=== Begin Enclosure ===

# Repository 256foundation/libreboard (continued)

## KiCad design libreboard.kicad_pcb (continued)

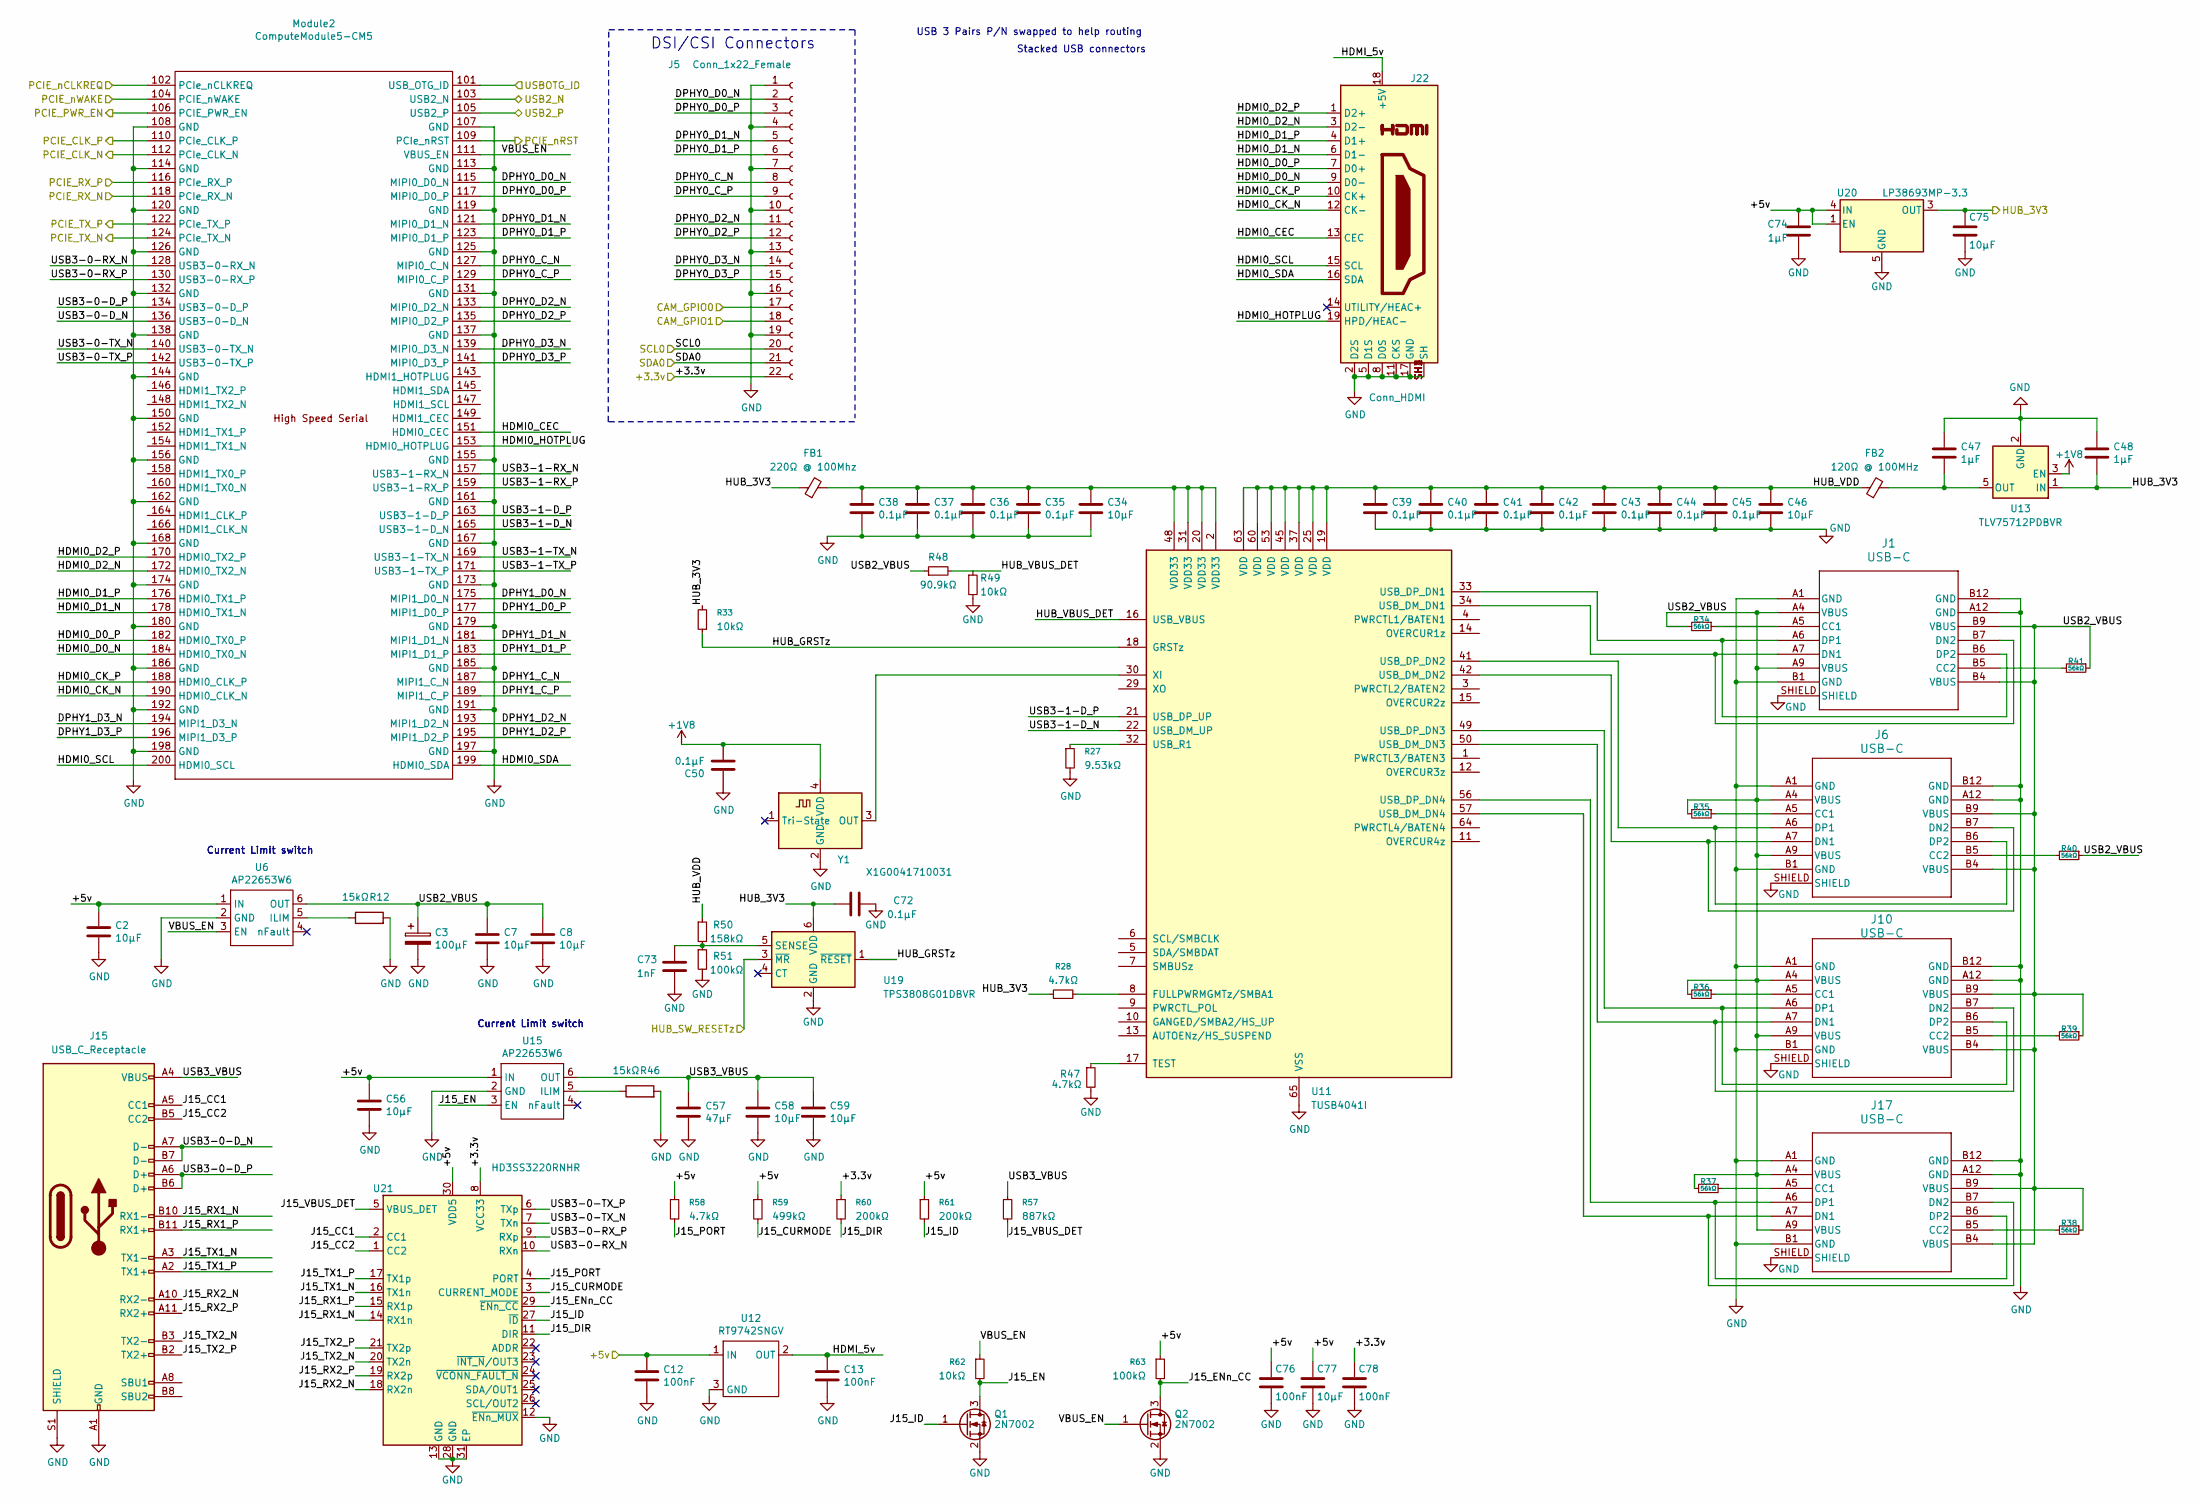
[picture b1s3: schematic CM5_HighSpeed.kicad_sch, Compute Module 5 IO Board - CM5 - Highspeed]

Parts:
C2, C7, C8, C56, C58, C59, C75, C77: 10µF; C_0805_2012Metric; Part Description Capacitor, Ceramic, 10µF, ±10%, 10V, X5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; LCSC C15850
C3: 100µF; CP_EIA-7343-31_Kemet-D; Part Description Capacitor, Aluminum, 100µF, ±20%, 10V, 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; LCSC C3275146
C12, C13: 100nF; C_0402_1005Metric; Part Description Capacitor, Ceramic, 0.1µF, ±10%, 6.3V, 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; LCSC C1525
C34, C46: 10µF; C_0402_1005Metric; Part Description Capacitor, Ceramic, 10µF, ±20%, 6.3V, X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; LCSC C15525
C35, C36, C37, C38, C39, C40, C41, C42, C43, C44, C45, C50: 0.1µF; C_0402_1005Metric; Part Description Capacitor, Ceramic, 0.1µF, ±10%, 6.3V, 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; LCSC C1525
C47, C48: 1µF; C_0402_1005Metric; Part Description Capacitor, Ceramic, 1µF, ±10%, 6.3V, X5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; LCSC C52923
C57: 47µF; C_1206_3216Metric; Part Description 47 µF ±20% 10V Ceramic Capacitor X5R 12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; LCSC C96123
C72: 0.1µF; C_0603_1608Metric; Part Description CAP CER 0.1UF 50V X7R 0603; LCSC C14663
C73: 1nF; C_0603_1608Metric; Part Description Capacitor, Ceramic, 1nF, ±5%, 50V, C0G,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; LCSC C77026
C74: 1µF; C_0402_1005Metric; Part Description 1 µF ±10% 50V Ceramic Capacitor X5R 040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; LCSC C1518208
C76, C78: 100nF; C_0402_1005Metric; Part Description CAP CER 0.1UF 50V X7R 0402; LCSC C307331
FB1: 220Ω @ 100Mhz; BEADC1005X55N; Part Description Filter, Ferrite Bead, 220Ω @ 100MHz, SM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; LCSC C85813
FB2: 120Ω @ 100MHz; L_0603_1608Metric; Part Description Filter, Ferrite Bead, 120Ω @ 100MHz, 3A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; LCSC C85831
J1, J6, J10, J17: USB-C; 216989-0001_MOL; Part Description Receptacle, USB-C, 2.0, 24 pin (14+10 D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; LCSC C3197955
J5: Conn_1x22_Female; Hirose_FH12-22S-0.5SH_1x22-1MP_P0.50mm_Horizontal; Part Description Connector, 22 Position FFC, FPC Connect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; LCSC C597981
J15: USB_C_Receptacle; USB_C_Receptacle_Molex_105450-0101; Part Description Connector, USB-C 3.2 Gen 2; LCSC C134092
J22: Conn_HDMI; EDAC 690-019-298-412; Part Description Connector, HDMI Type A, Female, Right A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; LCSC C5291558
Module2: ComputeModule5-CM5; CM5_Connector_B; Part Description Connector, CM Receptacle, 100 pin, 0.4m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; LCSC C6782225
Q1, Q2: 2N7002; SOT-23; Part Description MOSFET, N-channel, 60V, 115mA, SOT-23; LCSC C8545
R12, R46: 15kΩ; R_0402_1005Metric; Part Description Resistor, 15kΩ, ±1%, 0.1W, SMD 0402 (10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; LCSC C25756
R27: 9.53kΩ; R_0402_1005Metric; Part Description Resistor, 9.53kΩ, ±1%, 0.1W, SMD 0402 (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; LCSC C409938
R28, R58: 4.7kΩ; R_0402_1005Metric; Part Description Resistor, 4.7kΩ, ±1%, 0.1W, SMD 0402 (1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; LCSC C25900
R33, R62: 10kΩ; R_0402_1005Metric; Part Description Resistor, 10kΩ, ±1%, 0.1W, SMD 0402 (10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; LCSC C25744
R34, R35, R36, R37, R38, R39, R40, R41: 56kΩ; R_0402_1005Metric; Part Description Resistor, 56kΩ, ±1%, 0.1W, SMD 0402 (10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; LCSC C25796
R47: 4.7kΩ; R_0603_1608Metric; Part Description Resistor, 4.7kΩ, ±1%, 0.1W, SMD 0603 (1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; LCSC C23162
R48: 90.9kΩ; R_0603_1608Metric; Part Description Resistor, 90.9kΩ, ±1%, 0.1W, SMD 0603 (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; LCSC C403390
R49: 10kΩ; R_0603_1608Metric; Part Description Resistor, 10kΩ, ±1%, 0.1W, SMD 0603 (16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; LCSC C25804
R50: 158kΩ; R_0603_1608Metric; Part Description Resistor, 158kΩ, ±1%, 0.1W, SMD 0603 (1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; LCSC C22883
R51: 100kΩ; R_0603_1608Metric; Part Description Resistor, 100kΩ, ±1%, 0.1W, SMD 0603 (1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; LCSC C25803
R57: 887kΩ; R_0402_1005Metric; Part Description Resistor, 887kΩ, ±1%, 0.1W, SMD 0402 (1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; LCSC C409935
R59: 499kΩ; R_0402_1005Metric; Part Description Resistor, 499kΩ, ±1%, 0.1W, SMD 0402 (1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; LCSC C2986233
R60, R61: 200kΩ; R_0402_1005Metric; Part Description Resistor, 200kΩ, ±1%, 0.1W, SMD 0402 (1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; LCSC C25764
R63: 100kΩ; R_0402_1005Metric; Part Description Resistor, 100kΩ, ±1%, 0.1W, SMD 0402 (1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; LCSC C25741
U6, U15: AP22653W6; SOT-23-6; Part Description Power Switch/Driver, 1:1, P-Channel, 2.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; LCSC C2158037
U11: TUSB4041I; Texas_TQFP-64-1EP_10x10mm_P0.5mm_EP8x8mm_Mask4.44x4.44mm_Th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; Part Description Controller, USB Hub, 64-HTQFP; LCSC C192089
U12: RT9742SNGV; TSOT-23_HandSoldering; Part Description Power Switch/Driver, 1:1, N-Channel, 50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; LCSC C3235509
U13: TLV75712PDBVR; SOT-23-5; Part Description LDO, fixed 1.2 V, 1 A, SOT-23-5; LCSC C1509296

=== End Enclosure ===

DIRECTIONS: In the listing above, locate the line containing "U6, U15: AP22653W6;" and the line containing "64-HTQFP; LCSC C192089". Extract those two lines and every line between them, exactly as written, and only those.

PROBLEM SOLUTION:
U6, U15: AP22653W6; SOT-23-6; Part Description Power Switch/Driver, 1:1, P-Channel, 2.; LCSC C2158037
U11: TUSB4041I; Texas_TQFP-64-1EP_10x10mm_P0.5mm_EP8x8mm_Mask4.44x4.44mm_Th; Part Description Controller, USB Hub, 64-HTQFP; LCSC C192089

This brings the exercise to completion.